Nitekim de öyle oldu. Trump’ın seçimlerin hileli, dolayısıyla kendisinin kaybettiği anahtar eyaletlerdeki sonuçların geçersiz sayılması, aslında kendisinin seçildiği iddialarını içeren kampanyası her cephede sürerken, tarif ettiğimiz gruptan Cumhuriyetçiler, başta eski Başkan George Bush olmak üzere, başkan aday adaylarından Mitt Romney gibi isimler, resmi olmayan kesin sonuçların açıklanmasının ardından Joe Biden’i tebrik ettiler. Daha sonra buna başka Cumhuriyetçiler de katıldı.
Her ne kadar Trump’ın son ana kadar koltuktan vazgeçmemek için birçok şey yapabileceğini varsaysam da, bu kadarını beklemiyordum.
Trump'ın kışkırtması
Dün Amerikan Kongresi'ni oluşturan Temsilciler Meclisi ve Senato’nun Biden’ın Başkan seçilmesinin tescili ortak toplantısının başlamasından dakikalar önce, başkente davet ettiği taraftarlarıyla Beyaz Saray’ın önünde bir miting düzenleyen, ABD’nin görev başındaki Başkanı Donald Trump, televizyonlarda canlı yayınlanan toplantının bitiminde katılımcıları, çalındığını iddia ettiği başkanlığını bir tür geri almaları için, söz konusu toplantı sürerken Kongre binasına yürümeye davet etti.

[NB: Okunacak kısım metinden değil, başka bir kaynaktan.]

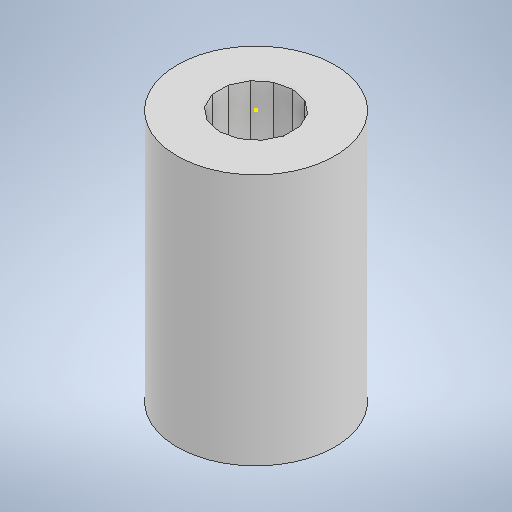
# Autodesk Inventor part: spool_motor
Saved by Autodesk Inventor 2025.2 (Build 292293000, 293)
## iProperties
Created: 2024-12-25
Part Number: spool_motor
Material: Ogólny
Document SubType Name: Modeling
Designer: Mos
Density: 1 g/cm^3
Appearance: Domyślna
Author: Mos
Autodesk Inventor part; units mm, degrees
ref_plane "YZ Plane" through (0, 0, 0) normal (1, 0, 0) x (0, 1, 0)
ref_plane "XZ Plane" through (0, 0, 0) normal (0, 1, 0) x (-1, 0, 0)
ref_plane "XY Plane" through (0, 0, 0) normal (0, 0, 1) x (1, 0, 0)
sketch "Szkic1" plane through (0, 0, 0) normal (0, 1, 0) x (-1, 0, 0)
  circle A0 centre (0, 0) radius 9.915
  constraints: 1 centre point, 1 coincident
extrude "Wyciągnięcie proste1" add sketch "Szkic1" along normal blind 31.7
sketch "Szkic2" plane through (0, 31.7, 0) normal (0, 1, 0) x (1, 0, 0)
  point P0 (0, 0)
sketch "Szkic3" plane through (0, 31.7, 0) normal (0, 1, 0) x (1, 0, 0)
  point P0 (0, 0)
sketch "Szkic4" plane through (0, 31.7, 0) normal (0, 1, 0) x (1, 0, 0)
  line L0 (4.499, -1.0269) -> (3.6079, -2.8772)
  line L1 (3.6079, -2.8772) -> (2.0022, -4.1577)
  line L2 (2.0022, -4.1577) -> (0, -4.6147)
  line L3 (0, -4.6147) -> (-2.0022, -4.1577)
  line L4 (-2.0022, -4.1577) -> (-3.6079, -2.8772)
  line L5 (-3.6079, -2.8772) -> (-4.499, -1.0269)
  line L6 (-4.499, -1.0269) -> (-4.499, 1.0269)
  line L7 (-4.499, 1.0269) -> (-3.6079, 2.8772)
  line L8 (-3.6079, 2.8772) -> (-2.0022, 4.1577)
  line L9 (-2.0022, 4.1577) -> (0, 4.6147)
  line L10 (0, 4.6147) -> (2.0022, 4.1577)
  line L11 (2.0022, 4.1577) -> (3.6079, 2.8772)
  line L12 (3.6079, 2.8772) -> (4.499, 1.0269)
  line L13 (4.499, 1.0269) -> (4.499, -1.0269)
  point P0 (0, 0)
  point P1 (0, 0)
  dimension "d2" = 4.6147
  constraints: 28 end point, 1 coincident, 29 other
  measures "d2" distance of L12.end point (0, 0)
extrude "Wyciągnięcie proste2" cut sketch "Szkic4" against normal blind 40

İçeride bu sırada, daha önce Trump’a karşı aday adayı olan Cumhuriyetçi Ted Cruz'un başını çektiği bir grup senatör, onay törenini yöneten Cumhuriyetçi Başkan Yardımcısı Mike Pence’in Trump’ın isteği doğrultusunda Biden’in seçim tescilini yaptırmaması, bu olmazsa anahtar eyaletlerden gelen Arizona, Pennsylvania Seçmenler Kurulu üyelerinin oylarının geçersiz sayılması için yeniden oylamalar yaptırarak süreci kesintiye uğratmaya uğraşıyordu.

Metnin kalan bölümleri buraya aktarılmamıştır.